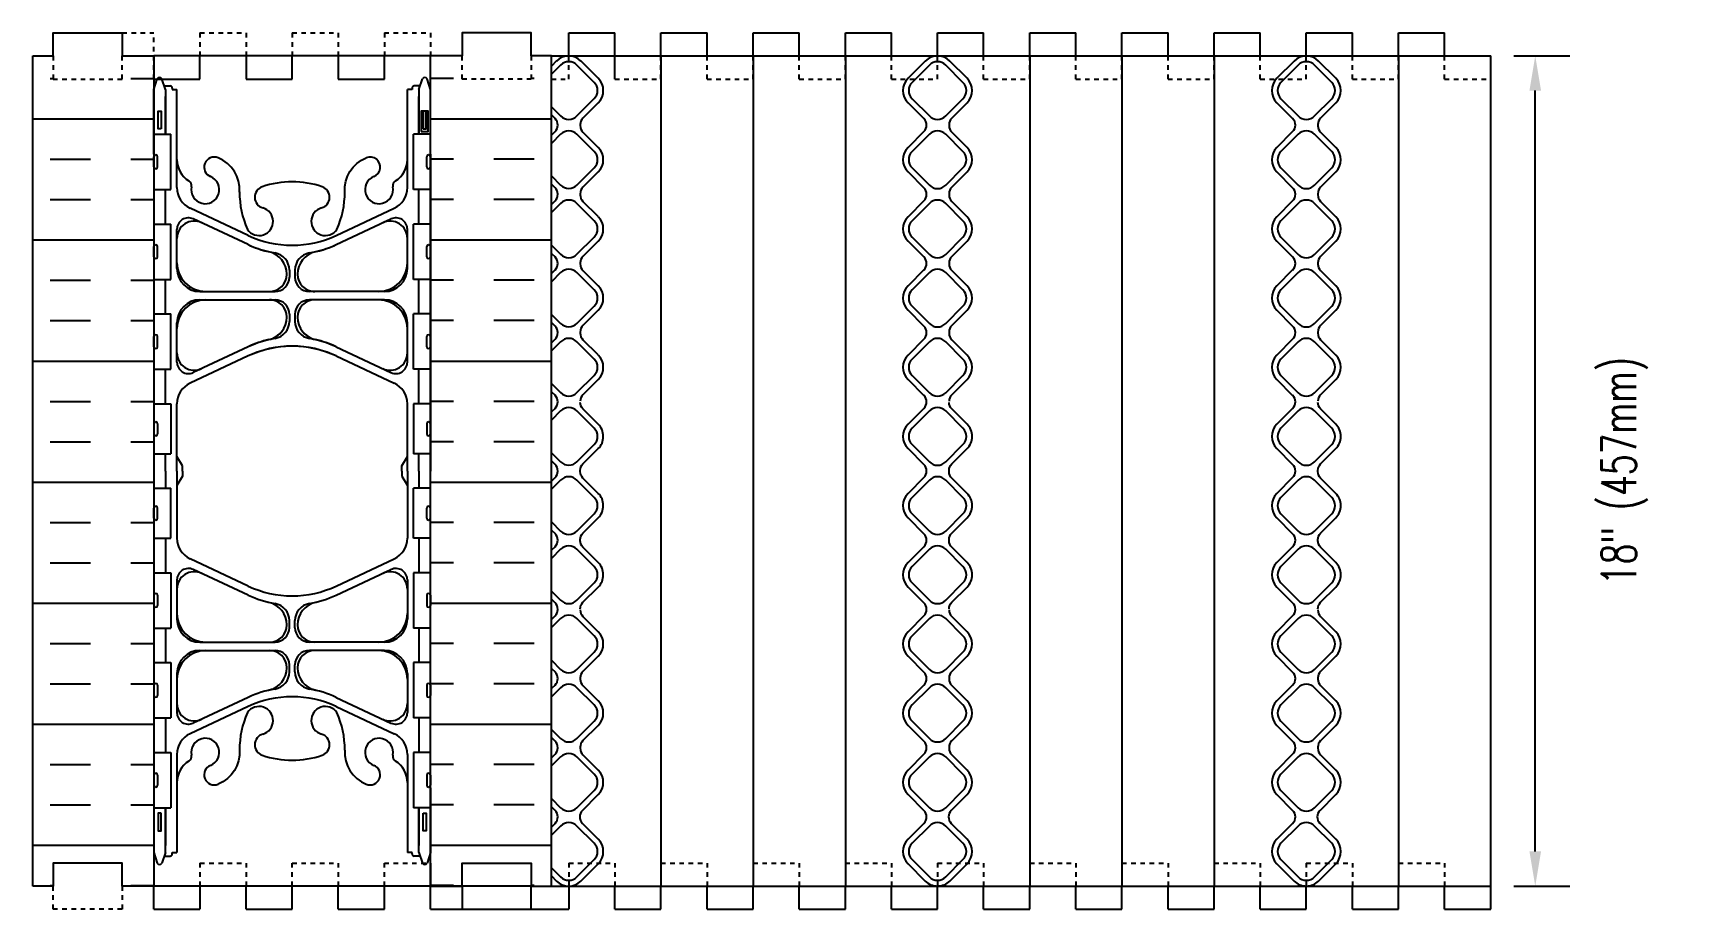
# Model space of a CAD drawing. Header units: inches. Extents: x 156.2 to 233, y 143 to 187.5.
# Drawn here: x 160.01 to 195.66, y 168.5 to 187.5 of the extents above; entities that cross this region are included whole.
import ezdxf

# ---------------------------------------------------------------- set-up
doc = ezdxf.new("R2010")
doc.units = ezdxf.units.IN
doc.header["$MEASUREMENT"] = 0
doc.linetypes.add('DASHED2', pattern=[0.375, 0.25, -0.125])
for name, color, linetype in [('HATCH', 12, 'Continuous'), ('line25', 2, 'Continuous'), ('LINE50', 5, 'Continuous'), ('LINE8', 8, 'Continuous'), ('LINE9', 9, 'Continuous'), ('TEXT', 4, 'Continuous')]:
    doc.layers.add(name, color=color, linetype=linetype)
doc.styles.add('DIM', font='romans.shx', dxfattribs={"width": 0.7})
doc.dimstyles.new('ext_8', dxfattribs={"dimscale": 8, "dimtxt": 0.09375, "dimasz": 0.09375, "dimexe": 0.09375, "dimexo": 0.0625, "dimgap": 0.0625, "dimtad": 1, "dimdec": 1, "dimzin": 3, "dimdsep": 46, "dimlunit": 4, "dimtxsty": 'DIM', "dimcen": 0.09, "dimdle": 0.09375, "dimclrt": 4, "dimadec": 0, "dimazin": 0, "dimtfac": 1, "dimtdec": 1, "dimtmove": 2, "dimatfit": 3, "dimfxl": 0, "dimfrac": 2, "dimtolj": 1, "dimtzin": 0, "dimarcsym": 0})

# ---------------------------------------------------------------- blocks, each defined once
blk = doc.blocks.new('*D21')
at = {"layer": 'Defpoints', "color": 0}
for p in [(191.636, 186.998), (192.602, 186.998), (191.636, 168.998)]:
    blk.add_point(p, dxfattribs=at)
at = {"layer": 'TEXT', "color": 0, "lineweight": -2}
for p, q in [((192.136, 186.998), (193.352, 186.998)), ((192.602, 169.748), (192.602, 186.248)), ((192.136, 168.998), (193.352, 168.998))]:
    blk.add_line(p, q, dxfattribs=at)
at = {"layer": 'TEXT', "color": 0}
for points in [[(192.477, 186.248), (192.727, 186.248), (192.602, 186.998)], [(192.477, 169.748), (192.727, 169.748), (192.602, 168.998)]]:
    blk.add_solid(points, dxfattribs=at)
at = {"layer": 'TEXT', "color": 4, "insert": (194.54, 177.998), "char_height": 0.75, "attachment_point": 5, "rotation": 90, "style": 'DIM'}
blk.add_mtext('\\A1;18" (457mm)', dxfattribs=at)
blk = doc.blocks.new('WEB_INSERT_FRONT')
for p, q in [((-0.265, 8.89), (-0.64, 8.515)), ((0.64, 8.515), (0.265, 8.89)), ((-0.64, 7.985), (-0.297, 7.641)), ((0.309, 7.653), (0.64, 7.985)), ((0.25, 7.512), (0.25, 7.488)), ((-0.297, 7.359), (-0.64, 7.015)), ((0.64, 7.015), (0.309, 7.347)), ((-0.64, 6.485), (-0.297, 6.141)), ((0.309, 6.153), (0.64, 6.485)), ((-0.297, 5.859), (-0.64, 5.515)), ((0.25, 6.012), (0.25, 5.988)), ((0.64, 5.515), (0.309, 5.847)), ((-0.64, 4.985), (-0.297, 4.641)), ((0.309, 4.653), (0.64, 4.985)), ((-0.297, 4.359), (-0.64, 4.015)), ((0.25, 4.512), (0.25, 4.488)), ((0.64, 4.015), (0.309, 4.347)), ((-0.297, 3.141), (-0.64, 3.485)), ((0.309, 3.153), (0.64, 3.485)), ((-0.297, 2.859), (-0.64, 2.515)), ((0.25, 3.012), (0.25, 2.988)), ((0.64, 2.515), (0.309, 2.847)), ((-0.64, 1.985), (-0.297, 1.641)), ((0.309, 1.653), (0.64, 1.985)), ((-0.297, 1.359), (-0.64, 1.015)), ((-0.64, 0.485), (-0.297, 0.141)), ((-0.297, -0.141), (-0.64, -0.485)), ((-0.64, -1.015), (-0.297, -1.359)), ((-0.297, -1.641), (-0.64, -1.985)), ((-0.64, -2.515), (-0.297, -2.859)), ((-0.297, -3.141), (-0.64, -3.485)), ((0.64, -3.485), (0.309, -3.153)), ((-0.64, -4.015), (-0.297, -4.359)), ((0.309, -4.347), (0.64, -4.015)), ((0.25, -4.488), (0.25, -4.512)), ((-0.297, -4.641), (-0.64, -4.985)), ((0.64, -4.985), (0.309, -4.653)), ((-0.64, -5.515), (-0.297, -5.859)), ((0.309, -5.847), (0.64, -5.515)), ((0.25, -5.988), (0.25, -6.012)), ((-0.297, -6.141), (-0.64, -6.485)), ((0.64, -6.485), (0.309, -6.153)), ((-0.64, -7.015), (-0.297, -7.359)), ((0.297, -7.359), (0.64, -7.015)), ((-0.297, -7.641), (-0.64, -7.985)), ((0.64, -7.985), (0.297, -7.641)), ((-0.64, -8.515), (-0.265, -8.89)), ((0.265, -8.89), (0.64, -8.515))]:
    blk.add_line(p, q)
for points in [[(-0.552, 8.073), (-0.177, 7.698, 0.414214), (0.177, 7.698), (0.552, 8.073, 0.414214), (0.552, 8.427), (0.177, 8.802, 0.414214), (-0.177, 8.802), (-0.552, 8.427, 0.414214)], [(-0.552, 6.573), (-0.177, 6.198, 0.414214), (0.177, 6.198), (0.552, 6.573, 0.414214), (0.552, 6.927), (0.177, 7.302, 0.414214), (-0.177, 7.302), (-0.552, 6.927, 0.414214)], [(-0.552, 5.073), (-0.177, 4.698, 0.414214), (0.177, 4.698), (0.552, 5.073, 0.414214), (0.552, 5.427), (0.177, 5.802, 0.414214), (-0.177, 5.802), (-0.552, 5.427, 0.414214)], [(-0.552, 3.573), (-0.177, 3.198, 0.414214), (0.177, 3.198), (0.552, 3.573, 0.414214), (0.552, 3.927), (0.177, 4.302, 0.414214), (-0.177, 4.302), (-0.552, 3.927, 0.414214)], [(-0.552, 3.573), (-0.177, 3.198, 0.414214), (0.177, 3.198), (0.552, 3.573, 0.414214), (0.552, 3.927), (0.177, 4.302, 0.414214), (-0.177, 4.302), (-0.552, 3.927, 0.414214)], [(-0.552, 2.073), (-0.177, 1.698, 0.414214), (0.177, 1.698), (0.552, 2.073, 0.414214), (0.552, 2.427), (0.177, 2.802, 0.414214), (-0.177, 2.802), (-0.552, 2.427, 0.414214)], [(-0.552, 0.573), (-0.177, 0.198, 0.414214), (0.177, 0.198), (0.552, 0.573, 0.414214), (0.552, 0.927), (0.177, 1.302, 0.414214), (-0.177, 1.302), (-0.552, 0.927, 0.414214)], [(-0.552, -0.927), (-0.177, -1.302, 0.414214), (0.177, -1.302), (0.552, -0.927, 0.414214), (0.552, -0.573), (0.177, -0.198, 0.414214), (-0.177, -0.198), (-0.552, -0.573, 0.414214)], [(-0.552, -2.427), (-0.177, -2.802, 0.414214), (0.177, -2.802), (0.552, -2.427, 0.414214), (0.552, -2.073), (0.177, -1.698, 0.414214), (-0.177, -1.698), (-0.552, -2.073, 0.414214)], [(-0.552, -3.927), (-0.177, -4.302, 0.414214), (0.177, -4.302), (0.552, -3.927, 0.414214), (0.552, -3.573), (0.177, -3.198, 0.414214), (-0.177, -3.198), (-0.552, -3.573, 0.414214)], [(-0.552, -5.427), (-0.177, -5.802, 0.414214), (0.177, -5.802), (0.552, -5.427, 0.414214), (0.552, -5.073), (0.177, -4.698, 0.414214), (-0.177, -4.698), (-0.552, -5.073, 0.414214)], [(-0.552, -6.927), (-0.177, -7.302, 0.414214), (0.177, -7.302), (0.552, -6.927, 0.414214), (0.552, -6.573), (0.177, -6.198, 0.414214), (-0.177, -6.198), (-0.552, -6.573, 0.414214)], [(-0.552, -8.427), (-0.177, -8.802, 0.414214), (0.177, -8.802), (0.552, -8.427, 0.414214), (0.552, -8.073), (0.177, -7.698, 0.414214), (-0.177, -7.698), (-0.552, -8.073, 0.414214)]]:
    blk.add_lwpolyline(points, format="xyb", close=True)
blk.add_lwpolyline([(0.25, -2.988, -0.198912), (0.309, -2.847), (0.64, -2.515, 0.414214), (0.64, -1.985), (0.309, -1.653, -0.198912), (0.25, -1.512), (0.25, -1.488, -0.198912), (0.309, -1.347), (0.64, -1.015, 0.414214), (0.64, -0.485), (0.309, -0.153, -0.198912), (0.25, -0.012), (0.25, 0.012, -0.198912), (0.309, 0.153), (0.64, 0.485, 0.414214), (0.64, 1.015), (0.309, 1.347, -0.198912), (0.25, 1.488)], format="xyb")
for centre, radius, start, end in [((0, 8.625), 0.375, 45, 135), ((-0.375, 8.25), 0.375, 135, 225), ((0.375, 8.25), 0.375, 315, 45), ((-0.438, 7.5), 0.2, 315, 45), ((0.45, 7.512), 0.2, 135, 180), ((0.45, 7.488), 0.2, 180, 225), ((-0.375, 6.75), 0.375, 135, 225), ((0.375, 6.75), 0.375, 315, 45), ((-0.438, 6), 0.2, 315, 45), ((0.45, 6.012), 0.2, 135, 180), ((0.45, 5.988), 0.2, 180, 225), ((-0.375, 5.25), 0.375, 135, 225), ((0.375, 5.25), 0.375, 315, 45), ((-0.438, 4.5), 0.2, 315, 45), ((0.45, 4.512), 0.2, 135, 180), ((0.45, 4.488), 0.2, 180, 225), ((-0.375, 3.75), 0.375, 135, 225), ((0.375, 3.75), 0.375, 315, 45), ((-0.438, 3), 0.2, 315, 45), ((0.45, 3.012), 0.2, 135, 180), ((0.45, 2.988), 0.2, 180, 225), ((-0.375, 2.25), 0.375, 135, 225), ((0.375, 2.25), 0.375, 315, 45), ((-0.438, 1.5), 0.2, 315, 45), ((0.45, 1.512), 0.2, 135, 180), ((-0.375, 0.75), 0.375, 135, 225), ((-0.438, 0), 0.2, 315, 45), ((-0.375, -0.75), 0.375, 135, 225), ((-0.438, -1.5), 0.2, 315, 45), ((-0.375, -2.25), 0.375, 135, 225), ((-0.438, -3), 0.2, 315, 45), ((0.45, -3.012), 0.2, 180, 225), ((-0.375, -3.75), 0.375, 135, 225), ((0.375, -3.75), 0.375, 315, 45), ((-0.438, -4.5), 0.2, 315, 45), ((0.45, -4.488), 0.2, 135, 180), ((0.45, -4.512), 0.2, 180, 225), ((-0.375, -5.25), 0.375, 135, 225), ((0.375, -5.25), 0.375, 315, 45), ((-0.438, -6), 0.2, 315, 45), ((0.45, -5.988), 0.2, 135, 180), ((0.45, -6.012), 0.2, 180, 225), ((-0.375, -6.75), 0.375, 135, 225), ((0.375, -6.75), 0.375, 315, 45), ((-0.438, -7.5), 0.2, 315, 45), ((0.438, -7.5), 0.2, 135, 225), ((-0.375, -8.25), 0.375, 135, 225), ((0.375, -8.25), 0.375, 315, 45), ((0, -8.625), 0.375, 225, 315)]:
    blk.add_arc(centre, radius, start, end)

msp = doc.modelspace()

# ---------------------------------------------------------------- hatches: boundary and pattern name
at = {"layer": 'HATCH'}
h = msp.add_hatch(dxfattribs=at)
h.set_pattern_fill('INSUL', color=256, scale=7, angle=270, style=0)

**To do**
The expected answer is an exact copy of the lines above, beginning at the line with "each defined once" and ending at the line with "blk = doc.blocks.new('WEB_INSERT_FRONT')", with both ends in.

**Solution for this task**
# ---------------------------------------------------------------- blocks, each defined once
blk = doc.blocks.new('*D21')
at = {"layer": 'Defpoints', "color": 0}
for p in [(191.636, 186.998), (192.602, 186.998), (191.636, 168.998)]:
    blk.add_point(p, dxfattribs=at)
at = {"layer": 'TEXT', "color": 0, "lineweight": -2}
for p, q in [((192.136, 186.998), (193.352, 186.998)), ((192.602, 169.748), (192.602, 186.248)), ((192.136, 168.998), (193.352, 168.998))]:
    blk.add_line(p, q, dxfattribs=at)
at = {"layer": 'TEXT', "color": 0}
for points in [[(192.477, 186.248), (192.727, 186.248), (192.602, 186.998)], [(192.477, 169.748), (192.727, 169.748), (192.602, 168.998)]]:
    blk.add_solid(points, dxfattribs=at)
at = {"layer": 'TEXT', "color": 4, "insert": (194.54, 177.998), "char_height": 0.75, "attachment_point": 5, "rotation": 90, "style": 'DIM'}
blk.add_mtext('\\A1;18" (457mm)', dxfattribs=at)
blk = doc.blocks.new('WEB_INSERT_FRONT')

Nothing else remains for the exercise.